Tsai T M, Singer R
J Hand Surg Am. 1984 Nov;9(6):816-20. doi: 10.1016/s0363-5023(84)80054-4.
Alternatives to the treatment of major injuries to the proximal interphalangeal (PIP) joint include fusion, implant arthroplasty, perichondrial grafting, single autogenous free vascularized transfer, and double autogenous free vascularized transfer. A patient presented a gunshot wound to the index finger with loss of skin and extensor tendon and PIP joint disruption.
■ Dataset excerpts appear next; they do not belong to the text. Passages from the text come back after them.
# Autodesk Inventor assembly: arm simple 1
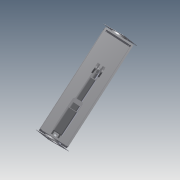
[picture p0: Inventor's stored thumbnail of the model, 180x180]
Saved by Autodesk Inventor 2011 (Build 150239000, 239)
## iProperties
Created: 2011-12-31
Part Number: arm simple 1
Document SubType Name: Assembly
Designer: Matthew
Author: Matthew
## Documents named in this file (9)
- C:\Users\Matthew\Documents\matthew_autocad\prlite\arm perhaps\ARM SIMPLE 1.iam
- C:\Users\Matthew\Documents\matthew_autocad\prlite\arm perhaps\1.ipt
- C:\Users\Matthew\Documents\matthew_autocad\prlite\arm perhaps\2.ipt
- C:\Users\Matthew\Documents\matthew_autocad\prlite\arm perhaps\tb2.ipt
- C:\Users\Matthew\Documents\matthew_autocad\prlite\arm perhaps\side.ipt
- C:\Users\Matthew\Documents\matthew_autocad\prlite\arm perhaps\back.ipt
- C:\Users\Matthew\Documents\matthew_autocad\prlite\arm perhaps\linacconnect.ipt
- C:\Users\Matthew\Documents\matthew_autocad\prlite\arm perhaps\linac body.ipt
- C:\Users\Matthew\Documents\matthew_autocad\prlite\arm perhaps\linac arm1.ipt
## Components (13 placed, 8 different names)
1. 1:1 — Mate:1, Mate:2, Mate:3, Mate:4, Mate:5
2. 2:1 — Mate:1, Mate:2, Flush:12
3. tb2:1 — Mate:3, Mate:4, Mate:5, Mate:6, Mate:7, Flush:2, Flush:3, Flush:4, Flush:5, Flush:6, Flush:7, Mate:18
4. side:1 — Mate:6, Flush:2, Flush:3, Flush:8, Mate:19
5. side:2 — Mate:7, Flush:4, Flush:5, Flush:9
6. back:1 — Flush:6, Flush:7, Mate:15, Mate:16, Mate:17, Mate:18
7. tb2:2 — Flush:8, Flush:9, Mate:10, Mate:11, Mate:12, Mate:19
8. 1:2 — Mate:10, Mate:11, Mate:12, Mate:13, Mate:14
9. 2:2 — Mate:13, Mate:14, Flush:12
10. linacconnect:1 — Mate:15, Mate:16, Mate:17, Mate:21, Mate:22
11. linacconnect:2 — Mate:23, Mate:24
12. linac body:1 — Mate:20, Flush:10, Flush:11, Mate:21, Mate:22
13. linac arm1:1 — Mate:20, Flush:10, Flush:11, Mate:23, Mate:24
## Relationships (33: Mate 22, Flush 11)
- Mate:1: 1:1 ↔ 2:1
- Mate:2: 1:1 ↔ 2:1
- Mate:3: 1:1 ↔ tb2:1
- Mate:4: 1:1 ↔ tb2:1
- Mate:5: 1:1 ↔ tb2:1
- Mate:6: tb2:1 ↔ side:1
- Mate:7: tb2:1 ↔ side:2
- Flush:2: tb2:1 ↔ side:1
- Flush:3: tb2:1 ↔ side:1
- Flush:4: tb2:1 ↔ side:2
- Flush:5: tb2:1 ↔ side:2
- Flush:6: tb2:1 ↔ back:1
- Flush:7: tb2:1 ↔ back:1
- Flush:8: side:1 ↔ tb2:2
- Flush:9: side:2 ↔ tb2:2
- Mate:10: tb2:2 ↔ 1:2
- Mate:11: tb2:2 ↔ 1:2
- Mate:12: tb2:2 ↔ 1:2
- Mate:13: 1:2 ↔ 2:2
- Mate:14: 1:2 ↔ 2:2
- Mate:15: back:1 ↔ linacconnect:1
- Mate:16: back:1 ↔ linacconnect:1
- Mate:17: back:1 ↔ linacconnect:1
- Mate:18: tb2:1 ↔ back:1
- Mate:19: side:1 ↔ tb2:2
- Mate:20: linac body:1 ↔ linac arm1:1
- Flush:10 (7.112 mm): linac body:1 ↔ linac arm1:1
- Flush:11: linac body:1 ↔ linac arm1:1
- Mate:21: linacconnect:1 ↔ linac body:1
- Mate:22 (1.11 mm): linacconnect:1 ↔ linac body:1
- Mate:23: linacconnect:2 ↔ linac arm1:1
- Mate:24 (3.65 mm): linacconnect:2 ↔ linac arm1:1
- Flush:12: 2:1 ↔ 2:2

The finger was reconstructed with a composite free flap of skin and extensor tendon and PIP and distal interphalangeal joints of the second toe. A follow-up of 10 months is presented, which demonstrates PIP joint motion and finger function.
近端指间(PIP)关节严重损伤的治疗替代方法包括融合术、植入式关节成形术、软骨膜移植、单一自体游离血管化转移和双重自体游离血管化转移。一名患者食指遭受枪伤,皮肤、伸肌腱缺失,PIP关节脱位。采用第二趾的皮肤、伸肌腱复合游离皮瓣以及PIP关节和远侧指间关节对该手指进行了重建。现报告10个月的随访情况,结果显示PIP关节活动及手指功能良好。